Il pioniere dei rivelatori di fotoni galattici da annichilazione, sviluppato nel 1978, consisteva in un rivelatore al germanio con un collimatore, posto su un pallone stratosferico e in grado di registrare fotoni entro un angolo di 11°.

a.
Lo spettrometro del satellite europeo Integral. I rivelatori di germanio raffreddati misurano con grande precisione l’energia dei fotoni gamma e, in modo approssimativo, il punto in cui vengono assorbiti. Bloccando i fotoni da tutte le direzioni, tranne quelli che passano attraverso una maschera di tungsteno, si ricostruiscono immagini del cielo.

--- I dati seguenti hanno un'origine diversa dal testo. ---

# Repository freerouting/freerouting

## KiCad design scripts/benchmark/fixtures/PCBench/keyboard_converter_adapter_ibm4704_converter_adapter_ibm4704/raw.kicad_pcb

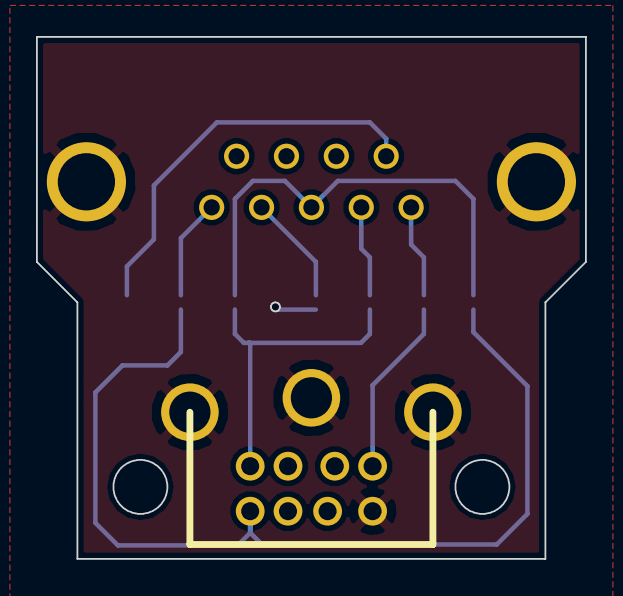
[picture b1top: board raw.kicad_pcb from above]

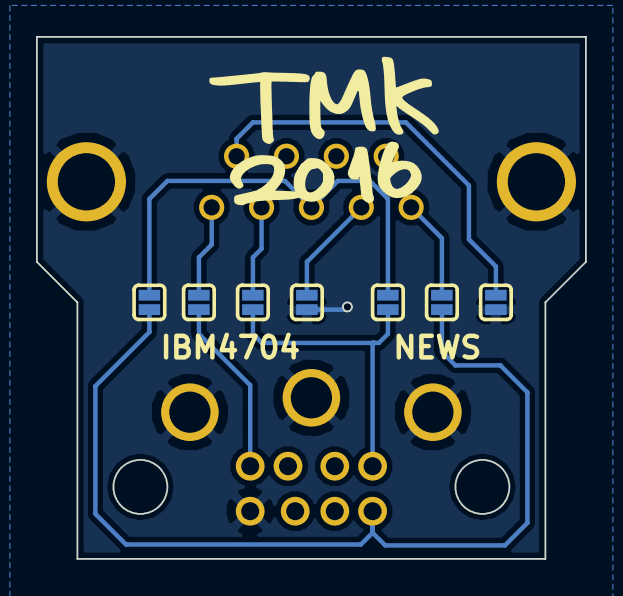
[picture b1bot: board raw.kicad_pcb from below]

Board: 2 copper layers, 30.5 x 29.0 mm, 9 parts (7 on the bottom side), 10 nets.

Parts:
CN1: MINI_DIN_8P_JACK; MINI_DIN_8
P1: CONN_01X10; DSUB9P
SJ1, SJ2, SJ3, SJ4, SJ5, SJ6, SJ7: SOLDER_JUMPER; SOLDER_JUMPER_2

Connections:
/D0: CN1.3, SJ3.1, SJ6.1
/D1: CN1.5, SJ4.1
/DS_1: P1.1, SJ5.2
/DS_2: P1.2, SJ1.2
/DS_3: P1.3, SJ2.2, SJ6.2
/DS_4: P1.4, SJ3.2
/DS_5: P1.5, SJ4.2
/DS_9: P1.9, SJ7.2
/VCC: CN1.6, SJ2.1, SJ5.1
GND: CN1.8, CN1.9, P1.10, SJ1.1, SJ7.1

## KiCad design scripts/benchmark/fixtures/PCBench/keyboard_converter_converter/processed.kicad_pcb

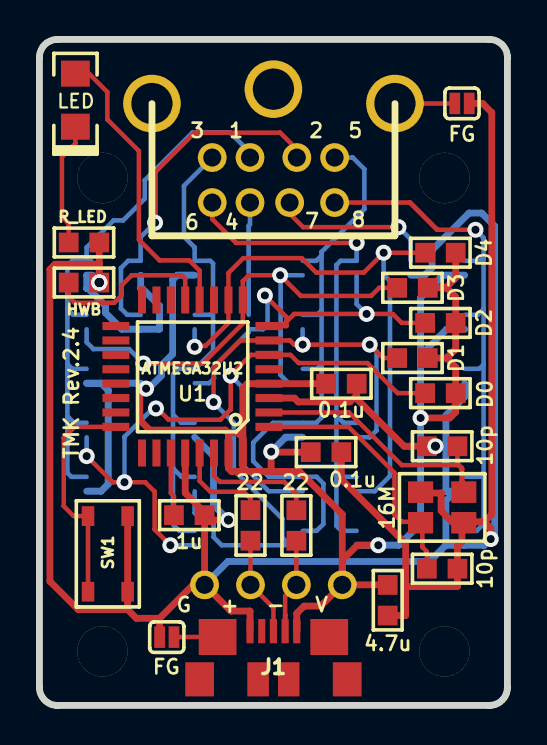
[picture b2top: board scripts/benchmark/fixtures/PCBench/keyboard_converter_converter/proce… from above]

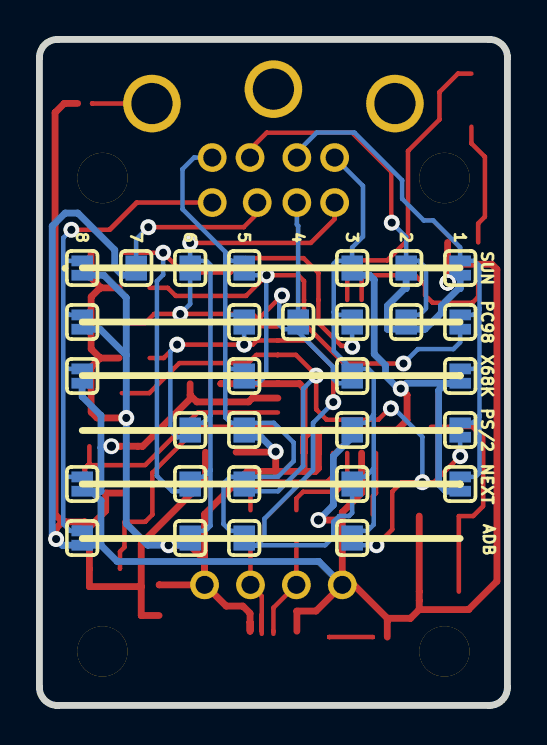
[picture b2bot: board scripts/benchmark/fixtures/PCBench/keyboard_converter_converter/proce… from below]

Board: 2 copper layers, 26.0 x 37.0 mm, 61 parts (30 on the bottom side), 28 nets.

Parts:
C1: 4.7u; C_1608
C2: 1u; C_1608
C3, C4: 0.1u; C_1608
C5, C6: 10p; C_1608
CN1: MINI_DIN_8P_JACK; MINI_DIN_8
D1: LED; LED_3020_REFLOW
HOLE_M2.6, HOLE_M2.6_2, HOLE_M2.6_3, HOLE_M2.6_4: VAL**; HOLE_M2.6
J1: USB_mini_micro_B; USB_microB
P1, P2, P3, P4: CONN_1; PIN_1
R1, R2: 22; R_1608
R3: 1k; R_1608
R4: R_LED; R_1608
R10, R11, R12, R13, R14: 1K; R_1608
SJ1, SJ2, SJ3, SJ4, SJ5, SJ6, SJ7, SJ8, SJ9, SJ10, SJ11, SJ12, SJ13, SJ14, SJ15, SJ16, SJ17, SJ18, SJ19, SJ20, SJ21, SJ22, SJ23, SJ24, SJ25, SJ26, SJ27, SJ28, SJ29, SJ30, SJ98, SJ99: SOLDER_JUMPER; SOLDER_JUMPER_2
SW1: SW_PUSH; SW_ALPS_SKRP
U1: ATMEGA32U2; QFP32
X1: 16M; FA-238

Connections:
+5V: C1.1, C3.1, C4.1, J1.1, P1.1, R10.1, R11.1, R12.1, R13.1, R14.1, SJ3.2, SJ5.2, SJ8.2, SJ18.2, SJ24.2, SJ26.2, SJ27.2, U1.4, U1.31, U1.32
/D+: J1.3, P3.1, R2.2
/D-: J1.2, P2.1, R1.2
/DIN1: CN1.1, SJ1.1, SJ2.1, SJ3.1, SJ4.1, SJ5.1
/DIN2: CN1.2, SJ6.1, SJ7.1
/DIN3: CN1.3, SJ8.1, SJ9.1, SJ10.1, SJ11.1, SJ12.1, SJ13.1
/DIN4: CN1.4, SJ14.1
/DIN5: CN1.5, SJ15.1, SJ16.1, SJ17.1, SJ18.1, SJ19.1, SJ20.1
/DIN6: CN1.6, SJ21.1, SJ22.1, SJ23.1, SJ24.1
/DIN7: CN1.7, SJ25.1
/DIN8: CN1.8, SJ26.1, SJ27.1, SJ28.1, SJ29.1, SJ30.1
/PD0: R10.2, SJ4.2, SJ13.2, SJ19.2, U1.6
/PD1: R11.2, SJ12.2, SJ16.2, SJ20.2, SJ22.2, U1.7
/PD2: R12.2, SJ10.2, SJ14.2, SJ21.2, U1.8
/PD3: R13.2, SJ2.2, SJ15.2, SJ17.2, U1.9
/PD4: R14.2, SJ9.2, SJ23.2, U1.10
/PD6: D1.1, U1.12
/PD7: R3.2, U1.13
/~RESET: SW1.1, U1.24
GND: C1.2, C2.2, C3.2, C4.2, C5.2, C6.2, J1.5, P4.1, R3.1, R4.2, SJ1.2, SJ6.2, SJ7.2, SJ11.2, SJ25.2, SJ28.2, SJ29.2, SJ30.2, SJ98.1, SJ99.2, SW1.2, U1.3, U1.28, X1.3
unnamed: C2.1, U1.27
unnamed: C5.1, U1.1, X1.1
unnamed: C6.1, U1.2, X1.2
unnamed: CN1.9, SJ99.1
unnamed: D1.2, R4.1
unnamed: J1.6, SJ98.2
unnamed: R1.1, U1.30
unnamed: R2.1, U1.29

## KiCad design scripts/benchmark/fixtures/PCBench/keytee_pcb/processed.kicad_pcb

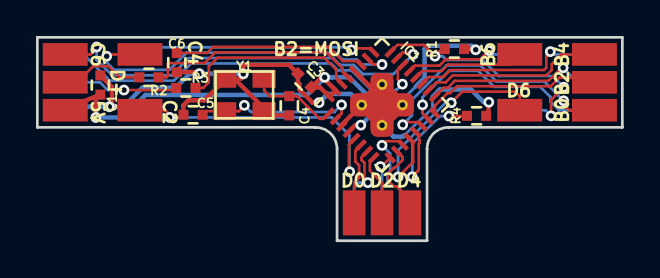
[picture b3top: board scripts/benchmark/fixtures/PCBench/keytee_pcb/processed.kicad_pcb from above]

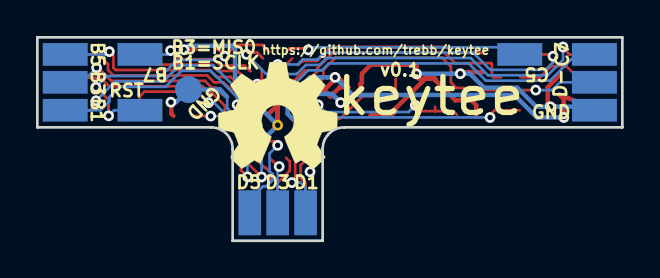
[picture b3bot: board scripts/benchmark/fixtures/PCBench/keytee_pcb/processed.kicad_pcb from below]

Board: 2 copper layers, 32.5 x 11.3 mm, 37 parts (13 on the bottom side), 31 nets.

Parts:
C1, C6: 1u; C_0402_square
C3: 100n; C_0402_square
C4, C5: 18p; C_0402_square
IC1: ATMEGA32U2; QFN-32-1EP_5x5mm_Pitch0.5mm_internal_vias
R1, R4: 10k; R_0402_square
R2, R3: 22; R_0402_square
W0, W1, W2, W3, W4, W5, W6, W7, W8, W15, W16, W17, W18, W19, W20, W21, W22, W23, W24, W25, W26, W27, W28, W29, W30: TEST_1P; SolderWirePad_SMD
W31: TEST_1P; SolderWirePad_SMD_circular
Y1: MT 16MHz; crystal_MT_32x25

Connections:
/B0: IC1.14, W0.1
/B1: IC1.15, W1.1
/B2: IC1.16, W2.1
/B3: IC1.17, W3.1
/B4: IC1.18, W15.1
/B5: IC1.19, W16.1
/B6: IC1.20, W17.1
/B7: IC1.21, W18.1
/C2: IC1.5, W26.1
/C4: IC1.26, W27.1
/C5: IC1.25, W28.1
/C6: IC1.23, W29.1
/C7: IC1.22, W30.1
/D0: IC1.6, W19.1
/D1: IC1.7, W20.1
/D2: IC1.8, W21.1
/D3: IC1.9, W22.1
/D4: IC1.10, W23.1
/D5: IC1.11, W24.1
/D6: IC1.12, W25.1
GND: C1.2, C3.2, C4.2, C5.2, C6.1, IC1.3, IC1.28, IC1.33, R4.1, W7.1, W31.1, Y1.3
unnamed: C4.1, IC1.1, Y1.1
unnamed: C5.1, IC1.2, Y1.2
unnamed: C6.2, IC1.27
unnamed: IC1.13, R4.2
unnamed: IC1.24, R1.2, W8.1
unnamed: IC1.29, R2.1
unnamed: IC1.30, R3.1
unnamed: R2.2, W4.1
unnamed: R3.2, W5.1
VCC: C1.1, C3.1, IC1.4, IC1.31, IC1.32, R1.1, W6.1

1. La maschera codificata: una piastra di tungsteno con una matrice di fori disposti secondo uno schema definito.
2. Matrice di rivelatori di germanio.
b.
Trenta anni fa la scoperta dell’antimateria galattica in un esperimento condotto nel 1978 ai laboratori Bell. Un rivelatore di Germanio di 120 cm2 posto su un pallone stratosferico era raffreddato con azoto liquido e schermato con ioduro di sodio per impedire ai fotoni gamma di raggiungere il rivelatore. Un foro (collimatore) lasciava passare solo i fotoni entro un angolo di 11° dal centro galattico.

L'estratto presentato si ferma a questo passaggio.